# new to kayak fishin



## catman82 (Jul 6, 2008)

just bought a kayak and i am going to back bay tomorrow what type of fishing is out there so i know what to bring.


----------



## BIG FINN (Jul 14, 2009)

Night crawlers, the white perch should be biting, maybe try for Bass


----------



## catman82 (Jul 6, 2008)

Just popped my kayaking cherry lol. Did not fish though just took the family out for some fun in the waters at back bay. Nice day though


----------



## ComeOnFish (Apr 8, 2009)

Big finn,
What are your target fish exactly? It depends on your target fish and how you want to fish.

joe


----------



## BIG FINN (Jul 14, 2009)

Crawlers for the perch on bobbers and cast some spinners or somethin while yous hangin


----------



## catman82 (Jul 6, 2008)

well went fishing at back bay refuge looking for some bass and thought i would try sight fishing.. well ended up getting some practice on getting back into my yak.
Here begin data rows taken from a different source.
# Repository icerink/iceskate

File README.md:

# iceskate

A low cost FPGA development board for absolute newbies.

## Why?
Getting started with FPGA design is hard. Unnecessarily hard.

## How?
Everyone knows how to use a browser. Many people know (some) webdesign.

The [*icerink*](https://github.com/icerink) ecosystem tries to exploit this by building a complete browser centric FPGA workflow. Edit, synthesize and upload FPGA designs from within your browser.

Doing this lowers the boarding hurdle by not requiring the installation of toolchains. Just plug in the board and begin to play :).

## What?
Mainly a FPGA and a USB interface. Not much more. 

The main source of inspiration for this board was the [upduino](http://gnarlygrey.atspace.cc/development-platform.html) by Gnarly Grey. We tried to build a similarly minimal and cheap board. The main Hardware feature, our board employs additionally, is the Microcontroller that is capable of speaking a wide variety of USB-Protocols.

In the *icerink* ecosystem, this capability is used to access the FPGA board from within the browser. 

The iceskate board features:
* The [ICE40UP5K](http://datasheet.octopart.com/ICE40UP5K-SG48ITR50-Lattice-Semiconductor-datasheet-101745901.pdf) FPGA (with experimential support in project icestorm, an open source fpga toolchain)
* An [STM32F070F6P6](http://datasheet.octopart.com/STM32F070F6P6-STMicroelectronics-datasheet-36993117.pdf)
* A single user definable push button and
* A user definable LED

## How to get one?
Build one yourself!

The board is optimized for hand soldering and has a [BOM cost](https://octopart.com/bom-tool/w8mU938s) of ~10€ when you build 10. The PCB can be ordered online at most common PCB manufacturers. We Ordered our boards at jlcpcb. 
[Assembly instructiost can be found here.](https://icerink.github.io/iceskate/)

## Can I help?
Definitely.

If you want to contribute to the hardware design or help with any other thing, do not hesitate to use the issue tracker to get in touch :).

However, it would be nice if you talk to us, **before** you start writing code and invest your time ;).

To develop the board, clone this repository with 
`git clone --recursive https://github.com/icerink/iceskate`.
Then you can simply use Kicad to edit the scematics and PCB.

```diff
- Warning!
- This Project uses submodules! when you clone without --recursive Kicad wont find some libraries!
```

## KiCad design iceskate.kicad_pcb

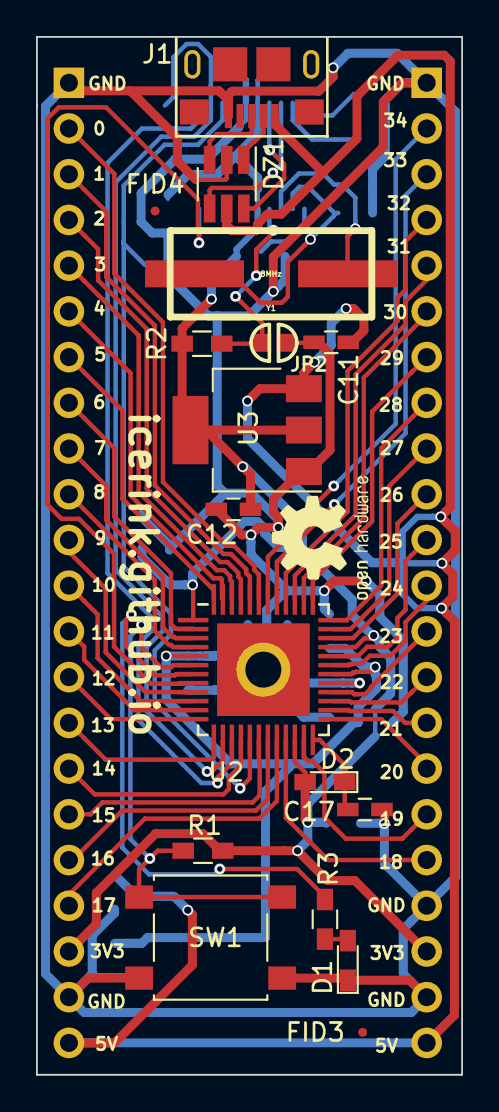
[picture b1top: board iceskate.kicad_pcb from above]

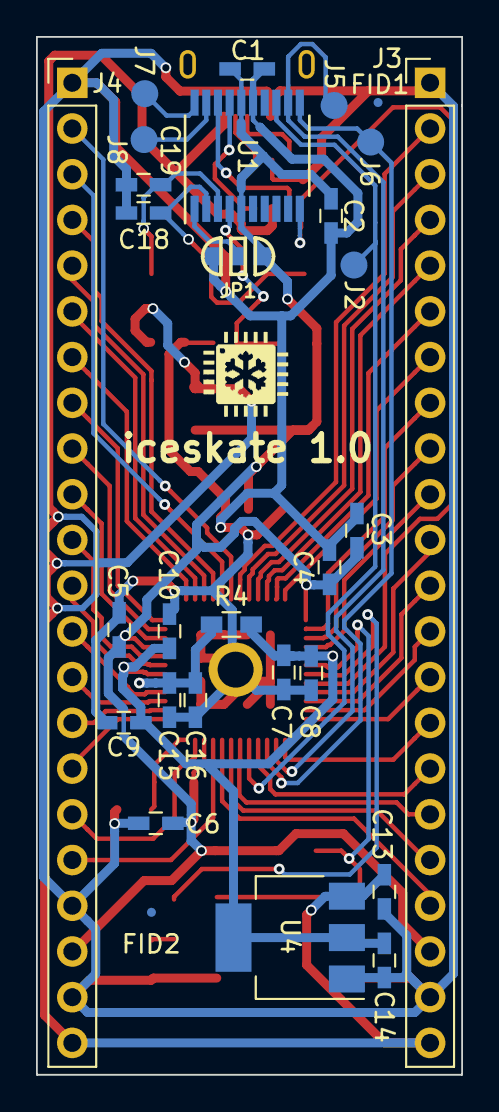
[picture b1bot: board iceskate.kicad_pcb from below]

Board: 2 copper layers, 23.6 x 57.7 mm, 47 parts (30 on the bottom side), 58 nets.

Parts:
C1, C2: C; C_0603_HandSoldering
C3, C6, C7, C10, C11, C12, C13, C14, C16, C17: 1µ; C_0603_HandSoldering
C4, C5, C8, C9, C15: 0.1µ; C_0603_HandSoldering
C18, C19: 22p; C_0603_HandSoldering
D1: LED; LED_0603_HandSoldering
D2: D; LED_0603_HandSoldering
DZ1: USBLC6-2SC6; SOT-23-6_Handsoldering
FID1, FID2, FID3, FID4: FIDUCIAL; Fiducial_0.5mm_Dia_1mm_Outer
J1: USB_OTG; FCI_10118193-0001LF
J2, J5, J6, J7, J8: TEST_1P; Measurement_Point_Round-SMD-Pad_Small
J3, J4: Conn_01x22; Pin_Header_Straight_1x22_Pitch2.54mm
JP1: Jumper_NC_Dual; SOLDER-JUMPER_2-WAY
JP2: Jumper; SOLDER-JUMPER_1-WAY
LOGO: logo
R1, R2: 10k; R_0603_HandSoldering
R3: 100; R_0603_HandSoldering
R4: 10; R_0603_HandSoldering
SW1: SW_Push; SW_SPST_B3S-1000
U1: STM32F070F6P6; TSSOP-20_4.4x6.5mm_Pitch0.65mm
U2: ICE40UP5K-SG48; QFN-48-1EP_7x7mm_Pitch0.5mm
U3: LD1117S33TR_SOT223; SOT-223-3_TabPin2
U4: LD1117S12TR_SOT223; SOT-223-3_TabPin2
Y1: 8MHz; HC49%2fUS

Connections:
+1V2: C7.1, C8.1, C9.1, C10.1, C14.1, R4.1, U2.5, U2.30, U4.2
+2V5: C17.1, D2.1, U2.24
+3V3: C1.1, C2.1, C3.1, C4.1, C5.1, C6.1, C12.1, D2.2, J3.20, J4.20, JP1.3, R1.1, R2.2, U1.5, U1.16, U2.1, U2.22, U2.33, U3.2
+5V: C11.1, C13.1, DZ1.5, J1.1, J3.22, J4.22, U3.3, U4.3
/IO_0: J3.2, U2.43
/IO_1: J3.3, U2.44
/IO_2: J3.4, U2.45
/IO_3: J3.5, U2.46
/IO_4: J3.6, U2.47
/IO_5: J3.7, U2.48
/IO_6: J3.8, U2.2
/IO_7: J3.9, U2.3
/IO_8: J3.10, U2.4
/IO_9: J3.11, U2.9
/IO_10: J3.12, U2.10
/IO_11: J3.13, U2.11
/IO_12: J3.14, U2.12
/IO_13: J3.15, U2.13
/IO_14: J3.16, U2.16
/IO_15: J3.17, U2.18
/IO_16: J3.18, U2.19
/IO_17: J3.19, U2.20
/IO_18: J4.18, U2.21
/IO_19: J4.17, U2.23
/IO_20: J4.16, U2.25
/IO_21: J4.15, U2.26
/IO_22: J4.14, U2.27
/IO_23: J4.13, U2.28
/IO_24: J4.12, U2.31
/IO_25: J4.11, U2.32
/IO_26: J4.10, U2.34
/IO_27: J4.9, U2.35
/IO_28: J4.8, U2.36
/IO_29: J4.7, U2.37
/IO_30: J4.6, U2.38
/IO_31: J4.5, U2.39
/IO_32: J4.4, U2.40
/IO_33: J4.3, U2.41
/IO_34: J4.2, U2.42
/IO_BTN: R1.2, SW1.1, U2.6
/IO_LED: R3.2, U2.7
/RESET: U1.10, U2.8
/SPI_MISO: J5.1, U1.12, U2.14
/SPI_MOSI: J2.1, U1.13, U2.17
/SPI_SCK: J6.1, U1.11, U2.15
/USB_D+: DZ1.4, U1.18
/USB_D-: DZ1.6, U1.17
GND: C1.2, C2.2, C3.2, C4.2, C5.2, C6.2, C7.2, C8.2, C9.2, C10.2, C11.2, C12.2, C13.2, C14.2, C15.2, C16.2, C17.2, C18.1, C19.2, D1.1, DZ1.2, J1.5, J3.1, J3.21, J4.1, J4.19, J4.21, JP1.1, JP2.1, SW1.2, U1.15, U2.49, U3.1, U4.1
unnamed: C15.1, C16.1, R4.2, U2.29
unnamed: C18.2, U1.2, Y1.2
unnamed: C19.1, U1.3, Y1.1
unnamed: D1.2, R3.1
unnamed: DZ1.1, J1.2
unnamed: DZ1.3, J1.3
unnamed: J7.1, U1.20
unnamed: J8.1, U1.19
unnamed: JP1.2, U1.1
unnamed: JP2.2, R2.1, U1.4

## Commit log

2018-04-21 initial schematic
2018-04-21 begin placing
2018-04-21 add basic docs and license
2018-04-21 lalalal
2018-04-21 ignore vscode files
2018-04-22 fully layouted; ready to use ;)
2018-04-22 add basic rendering
2018-04-22 minor corrections
2018-04-23 add logo
2018-04-23 add remaining 3d models; closes #3
2018-04-23 add crystal and usb esd; crystal has to be somwhere else
2018-04-23 move crystal to be not _that_ bad
2018-04-24 add silkscreen layout + logos; closes #1
2018-04-30 add io labels; optimize silkscreen
2018-04-30 update rendering
2018-04-30 replace failed rendering
2018-04-30 rename project files
2019-01-02 add assembly instructions
2019-01-02 add link to assembly instructions
2019-01-02 fix link

After i got in i realized i lost my damn glasses the only thing i did not secure to my yak lol.


----------



## O Shin Rin (Aug 31, 2009)

Will you didn't waste any time  sorry that you turtled your fisrt time out but now that you did you can do some serious fishing .

One word to the wise ....... leash everything !



jerry


----------



## bbcroaker (Jan 6, 2005)

Sorry you lost the glasses.Now that I read about it hopefully I will start securing mine again and hope you will too.
I''ve been kid of lax on that.


----------